**Given entries**
****************************************

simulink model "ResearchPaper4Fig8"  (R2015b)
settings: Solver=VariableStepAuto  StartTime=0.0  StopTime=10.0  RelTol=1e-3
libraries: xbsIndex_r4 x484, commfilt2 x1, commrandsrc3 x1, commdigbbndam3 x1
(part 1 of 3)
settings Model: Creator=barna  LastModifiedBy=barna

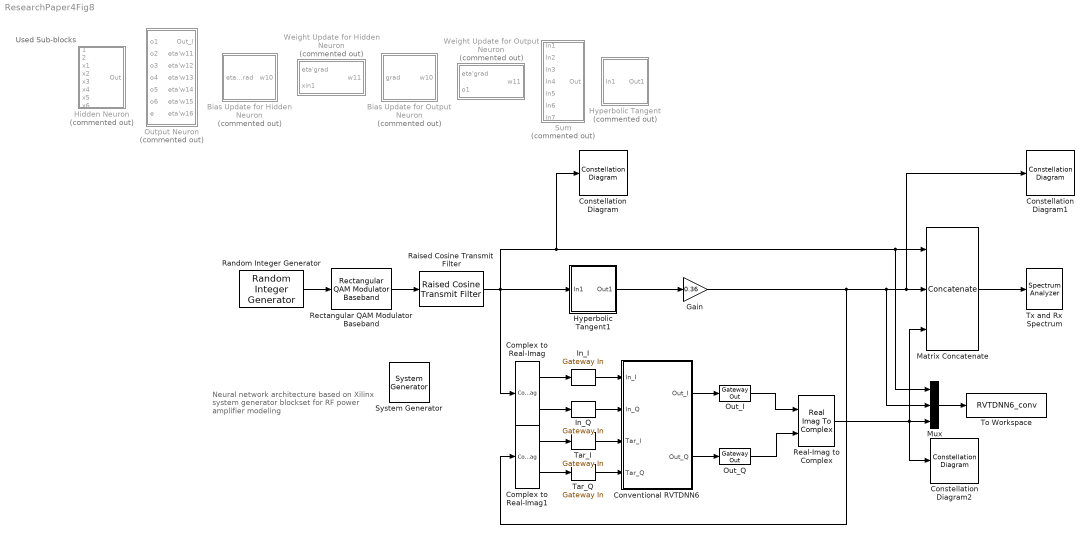
== system ResearchPaper4Fig8 ==
  note: Neural network architecture based on Xilinx system generator blockset for RF power amplifier modeling
  note: Used Sub-blocks
  " System Generator" : xbsIndex_r4/ System Generator  Tag=genX  xilinxfamily=kintex7  part=xc7k325t  speed=-3  package=fbg676  synthesis_tool=Vivado  clock_wrapper=Clock Enables  directory=./netlist  proj_type=Vivado  Synth_file=Vivado Synthesis Defaults  Impl_file=Vivado Implementation Defaults  testbench=off  simulink_period=1  sysclk_period=10  dcm_input_clock_period=10  incr_netlist=off  trim_vbits=Everywhere in SubSystem  dbl_ovrd=According to Block Masks  core_generation=According to Block Masks  run_coregen=off  deprecated_control=off  eval_field=0  block_type=sysgen
  Bias Update for Hidden Neuron : Subsystem  Commented=on
  Bias Update for Output Neuron : Subsystem  Commented=on
  Complex to Real-Imag : ComplexToRealImag
  Complex to Real-Imag1 : ComplexToRealImag
  Constellation Diagram : ConstellationDiagram
  Constellation Diagram1 : ConstellationDiagram
  Constellation Diagram2 : ConstellationDiagram
  Conventional RVTDNN6 : Subsystem
  Gain : Gain  Gain=0.36
  Hidden Neuron : Subsystem  Commented=on
  Hyperbolic Tangent : Subsystem  Commented=on
  Hyperbolic Tangent1 : Subsystem
  In_I : xbsIndex_r4/Gateway In  gui_display_data_type=Fixed-point  arith_type="Signed  (2's comp)"  n_bits=16  bin_pt=14  preci_type=Single  exp_width=8  frac_width=24  rows=1  columns=1  quantization="Round  (unbiased: +/- Inf)"  overflow=Saturate  period=1  UseAsADC=off  ADCChannel='1'  interface=None  automatic_assignment=on  address_offset=hex2dec('00')  intf_name=''  intf_description=''  default_value=0  timing_constraint=None  locs_specified=off  LOCs={}  io_standard={}  inherit_from_input=off  hdl_port=on  dbl_ovrd=off  block_type=gatewayin
  In_Q : xbsIndex_r4/Gateway In  gui_display_data_type=Fixed-point  arith_type="Signed  (2's comp)"  n_bits=16  bin_pt=14  preci_type=Single  exp_width=8  frac_width=24  rows=1  columns=1  quantization="Round  (unbiased: +/- Inf)"  overflow=Saturate  period=1  UseAsADC=off  ADCChannel='1'  interface=None  automatic_assignment=on  address_offset=hex2dec('00')  intf_name=''  intf_description=''  default_value=0  timing_constraint=None  locs_specified=off  LOCs={}  io_standard={}  inherit_from_input=off  hdl_port=on  dbl_ovrd=off  block_type=gatewayin
  Matrix Concatenate : Concatenate  NumInputs=3  Mode=Multidimensional array  ConcatenateDimension=2
  Mux : Mux  Inputs=3
  Out_I : xbsIndex_r4/Gateway Out  inherit_from_input=off  hdl_port=on  rows=1  columns=1  UseAsDAC=off  DACChannel='1'  interface=None  automatic_assignment=on  address_offset=hex2dec('00')  intf_name=''  intf_description=''  timing_constraint=None  locs_specified=off  LOCs={}  io_standard={}  block_type=gatewayout
  Out_Q : xbsIndex_r4/Gateway Out  inherit_from_input=off  hdl_port=on  rows=1  columns=1  UseAsDAC=off  DACChannel='1'  interface=None  automatic_assignment=on  address_offset=hex2dec('00')  intf_name=''  intf_description=''  timing_constraint=None  locs_specified=off  LOCs={}  io_standard={}  block_type=gatewayout
  Output Neuron : Subsystem  Commented=on
  Raised Cosine Transmit Filter : commfilt2/Raised Cosine Transmit Filter  filtType=Normal  filtSpan=20  currentFiltSpan=20  D=(20)/2  R=0.2  sampMode=Mute  saveAsFlag=0  N=20  framing=Enforce single-rate processing  InputProcessing=Columns as channels (frame based)  checkGain=Normalized  filterGain=1  checkCoeff=off  variableName=rcTxFilt  launchFVT=on  roundingMode=Floor  overflowMode=off
  Random Integer Generator : commrandsrc3/Random Integer Generator  SetSize=8  SeedSource=Auto  Seed=0  SampleTime=1  SamplesPerFrame=1  OutputDataType=double  SimulateUsing=Interpreted execution
  Real-Imag to Complex : RealImagToComplex
  Rectangular QAM Modulator Baseband : commdigbbndam3/Rectangular QAM Modulator Baseband  M=16  InType=Integer  Enc=Gray  Mapping=[0:15]  PowType=Min. distance between symbols  MinDist=2  AvgPow=1  PeakPow=1  Ph=0  outDtype=double  outWordLen=16  outUDDataType=sfix(16)  outFracLenMode=Best precision  outFracLen=15
  Sum : Subsystem  Commented=on
  Tar_I : xbsIndex_r4/Gateway In  gui_display_data_type=Fixed-point  arith_type="Signed  (2's comp)"  n_bits=16  bin_pt=14  preci_type=Single  exp_width=8  frac_width=24  rows=1  columns=1  quantization="Round  (unbiased: +/- Inf)"  overflow=Saturate  period=1  UseAsADC=off  ADCChannel='1'  interface=None  automatic_assignment=on  address_offset=hex2dec('00')  intf_name=''  intf_description=''  default_value=0  timing_constraint=None  locs_specified=off  LOCs={}  io_standard={}  inherit_from_input=off  hdl_port=on  dbl_ovrd=off  block_type=gatewayin
  Tar_Q : xbsIndex_r4/Gateway In  gui_display_data_type=Fixed-point  arith_type="Signed  (2's comp)"  n_bits=16  bin_pt=14  preci_type=Single  exp_width=8  frac_width=24  rows=1  columns=1  quantization="Round  (unbiased: +/- Inf)"  overflow=Saturate  period=1  UseAsADC=off  ADCChannel='1'  interface=None  automatic_assignment=on  address_offset=hex2dec('00')  intf_name=''  intf_description=''  default_value=0  timing_constraint=None  locs_specified=off  LOCs={}  io_standard={}  inherit_from_input=off  hdl_port=on  dbl_ovrd=off  block_type=gatewayin
  To Workspace : ToWorkspace  VariableName=RVTDNN6_conv  SaveFormat=Timeseries  SampleTime=-1
  Tx and Rx Spectrum : SpectrumAnalyzer
  Weight Update for Hidden Neuron : Subsystem  Commented=on
  Weight Update for Output Neuron : Subsystem  Commented=on
  wires:
  Random Integer Generator/1 -> Rectangular QAM Modulator Baseband/1
  Rectangular QAM Modulator Baseband/1 -> Raised Cosine Transmit Filter/1
  Complex to Real-Imag/1 -> In_I/1
  Complex to Real-Imag/2 -> In_Q/1
  Complex to Real-Imag1/1 -> Tar_I/1
  Complex to Real-Imag1/2 -> Tar_Q/1
  Out_I/1 -> Real-Imag to Complex/1
  Out_Q/1 -> Real-Imag to Complex/2
  Gain/1 -> Mux/2, Constellation Diagram1/1, Matrix Concatenate/2, Complex to Real-Imag1/1
  Raised Cosine Transmit Filter/1 -> Constellation Diagram/1, Mux/1, Matrix Concatenate/1, Hyperbolic Tangent1/1(In1), Complex to Real-Imag/1
  Real-Imag to Complex/1 -> Mux/3, Matrix Concatenate/3, Constellation Diagram2/1
  Matrix Concatenate/1 -> Tx and Rx Spectrum/1
  In_I/1 -> Conventional RVTDNN6/1(In_I)
  In_Q/1 -> Conventional RVTDNN6/2(In_Q)
  Tar_I/1 -> Conventional RVTDNN6/3(Tar_I)
  Tar_Q/1 -> Conventional RVTDNN6/4(Tar_Q)
  Conventional RVTDNN6/2(Out_Q) -> Out_Q/1
  Conventional RVTDNN6/1(Out_I) -> Out_I/1
  Hyperbolic Tangent1/1(Out1) -> Gain/1
  Mux/1 -> To Workspace/1

== system ResearchPaper4Fig8/Bias Update for Hidden Neuron ==
  eta'grad : Inport
  AddSub : xbsIndex_r4/AddSub  mode=Addition  use_carryin=off  use_carryout=off  en=off  latency=0  precision=Full  arith_type=Unsigned  n_bits=16  bin_pt=14  quantization=Truncate  overflow=Wrap  use_behavioral_HDL=off  hw_selection=Fabric  pipelined=off  dbl_ovrd=off  block_type=addsub
  Register : xbsIndex_r4/Register  init=0  rst=off  en=off  dbl_ovrd=off  block_type=register
  w10 : Outport
  wires:
  Register/1 -> w10/1, AddSub/2
  AddSub/1 -> Register/1
  eta'grad/1 -> AddSub/1

== system ResearchPaper4Fig8/Bias Update for Output Neuron ==
  grad : Inport
  AddSub : xbsIndex_r4/AddSub  mode=Addition  use_carryin=off  use_carryout=off  en=off  latency=0  precision=Full  arith_type=Unsigned  n_bits=16  bin_pt=14  quantization=Truncate  overflow=Wrap  use_behavioral_HDL=off  hw_selection=Fabric  pipelined=off  dbl_ovrd=off  block_type=addsub
  Register : xbsIndex_r4/Register  init=0  rst=off  en=off  dbl_ovrd=off  block_type=register
  w10 : Outport
  wires:
  Register/1 -> w10/1, AddSub/2
  AddSub/1 -> Register/1
  grad/1 -> AddSub/1

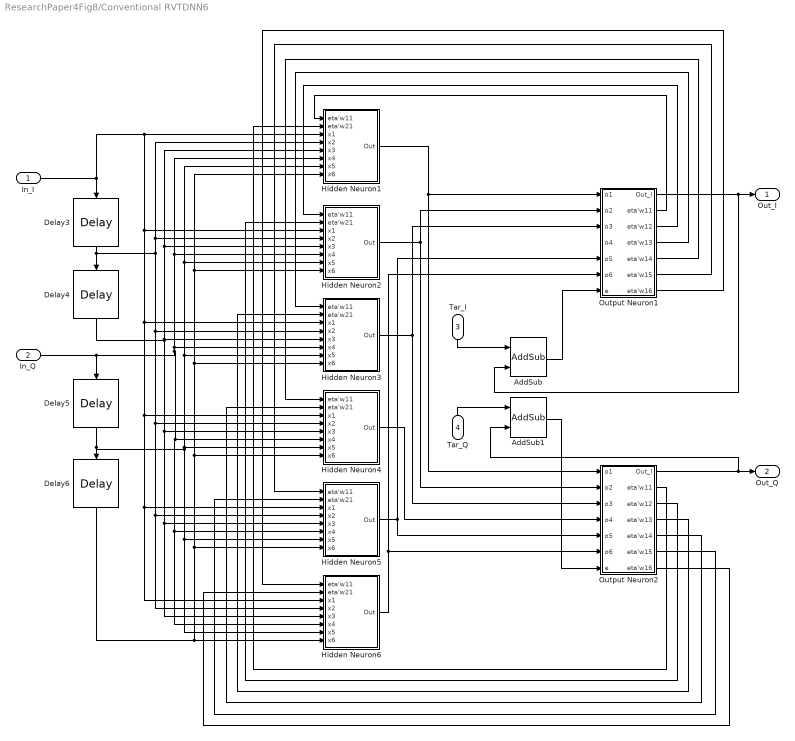
== system ResearchPaper4Fig8/Conventional RVTDNN6 ==
  In_I : Inport
  In_Q : Inport  Port=2
  Tar_I : Inport  Port=3
  Tar_Q : Inport  Port=4
  AddSub : xbsIndex_r4/AddSub  mode=Subtraction  use_carryin=off  use_carryout=off  en=off  latency=0  precision=Full  arith_type=Unsigned  n_bits=16  bin_pt=14  quantization=Truncate  overflow=Wrap  use_behavioral_HDL=off  hw_selection=Fabric  pipelined=off  dbl_ovrd=off  block_type=addsub
  AddSub1 : xbsIndex_r4/AddSub  mode=Subtraction  use_carryin=off  use_carryout=off  en=off  latency=0  precision=Full  arith_type=Unsigned  n_bits=16  bin_pt=14  quantization=Truncate  overflow=Wrap  use_behavioral_HDL=off  hw_selection=Fabric  pipelined=off  dbl_ovrd=off  block_type=addsub
  Delay{3..6} (4 alike) : xbsIndex_r4/Delay  rst=off  infoeditControl=Selection of Reset will increase slice count due to use of real FFs and instead of SRLs  en=off  latency=1  reg_retiming=off  dbl_ovrd=off  block_type=delay
  Hidden Neuron1 : Subsystem
  Hidden Neuron2 : Subsystem
  Hidden Neuron3 : Subsystem
  Hidden Neuron4 : Subsystem
  Hidden Neuron5 : Subsystem
  Hidden Neuron6 : Subsystem
  Output Neuron1 : Subsystem
  Output Neuron2 : Subsystem
  Out_I : Outport
  Out_Q : Outport  Port=2
  wires:
  Tar_I/1 -> AddSub/1
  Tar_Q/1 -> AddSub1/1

****************************************

**Assignment**
Each line of the entries above that contains "double" is to be copied.

**Reply**
  Random Integer Generator : commrandsrc3/Random Integer Generator  SetSize=8  SeedSource=Auto  Seed=0  SampleTime=1  SamplesPerFrame=1  OutputDataType=double  SimulateUsing=Interpreted execution
  Rectangular QAM Modulator Baseband : commdigbbndam3/Rectangular QAM Modulator Baseband  M=16  InType=Integer  Enc=Gray  Mapping=[0:15]  PowType=Min. distance between symbols  MinDist=2  AvgPow=1  PeakPow=1  Ph=0  outDtype=double  outWordLen=16  outUDDataType=sfix(16)  outFracLenMode=Best precision  outFracLen=15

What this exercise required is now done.